------ Information given ------

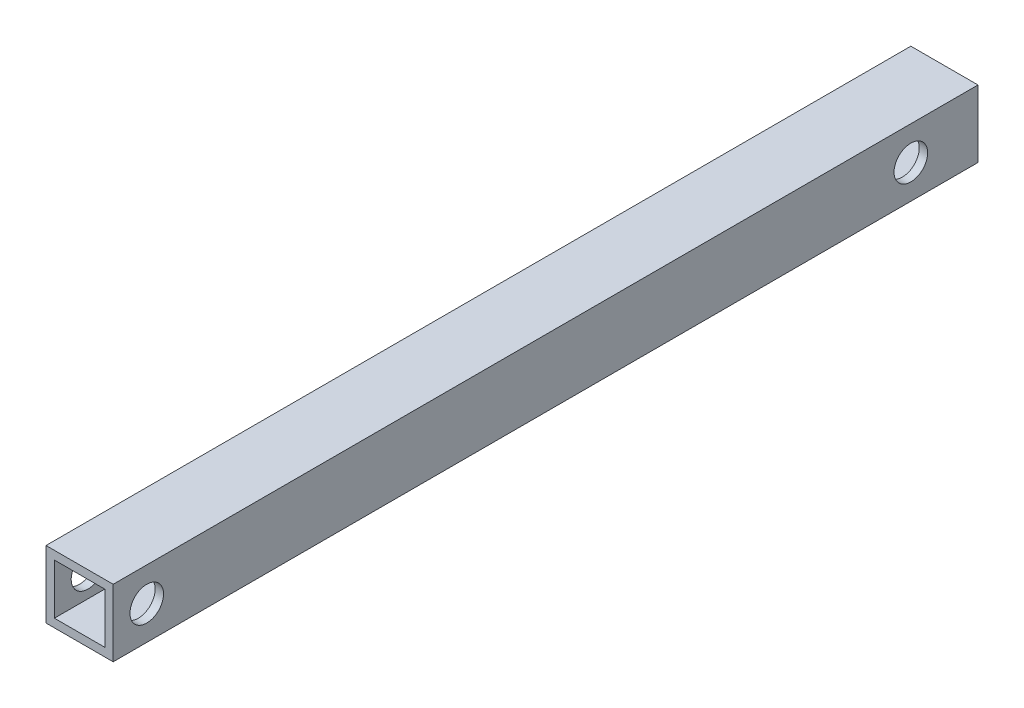
SolidWorks part; units mm, degrees
ref_plane "Front Plane" through (0, 0, 0) normal (0, 0, 1) x (1, 0, 0)
ref_plane "Top Plane" through (0, 0, 0) normal (0, 1, 0) x (1, 0, 0)
ref_plane "Right Plane" through (0, 0, 0) normal (1, 0, 0) x (0, 0, -1)
sketch "Sketch1" plane through (0, 0, 0) normal (0, 0, 1) x (1, 0, 0)
  line L7 (0, 0) -> (-25.4, 0)
  line L8 (0, 0) -> (0, 25.4)
  line L9 (0, 25.4) -> (-25.4, 25.4)
  line L10 (-25.4, 0) -> (-25.4, 25.4)
  line L11 (-3.175, 22.225) -> (-22.225, 22.225)
  line L12 (-3.175, 22.225) -> (-3.175, 3.175)
  line L13 (-3.175, 3.175) -> (-22.225, 3.175)
  line L14 (-22.225, 22.225) -> (-22.225, 3.175)
  dimension "D1" = 25.4
  dimension "D2" = 25.4
  dimension "D3" = 3.175
  dimension "D4" = 3.175
  dimension "D5" = 3.175
  dimension "D6" = 3.175
extrude "Boss-Extrude1" add sketch "Sketch1" along normal blind 327.025
sketch "Sketch5" plane through (0, 0, 0) normal (1, 0, 0) x (0, 0, -1)
  line L0 (0, 0) -> (0, 25.4) construction
  line L1 (-327.025, 0) -> (-327.025, 25.4) construction
  circle A0 centre (-25.4, 12.7) radius 6.35
  circle A1 centre (-314.325, 12.7) radius 6.35
  dimension "D1" = 25.4
  dimension "D2" = 12.7
extrude "Cut-Extrude4" cut sketch "Sketch5" against normal through all

------

- **Assignment**: Transcribe exactly, and only, the lines from the one with "line L0 (0, 0) -> (0, 25.4) construction" through the last line of the data.

- **Answer**:
  line L0 (0, 0) -> (0, 25.4) construction
  line L1 (-327.025, 0) -> (-327.025, 25.4) construction
  circle A0 centre (-25.4, 12.7) radius 6.35
  circle A1 centre (-314.325, 12.7) radius 6.35
  dimension "D1" = 25.4
  dimension "D2" = 12.7
extrude "Cut-Extrude4" cut sketch "Sketch5" against normal through all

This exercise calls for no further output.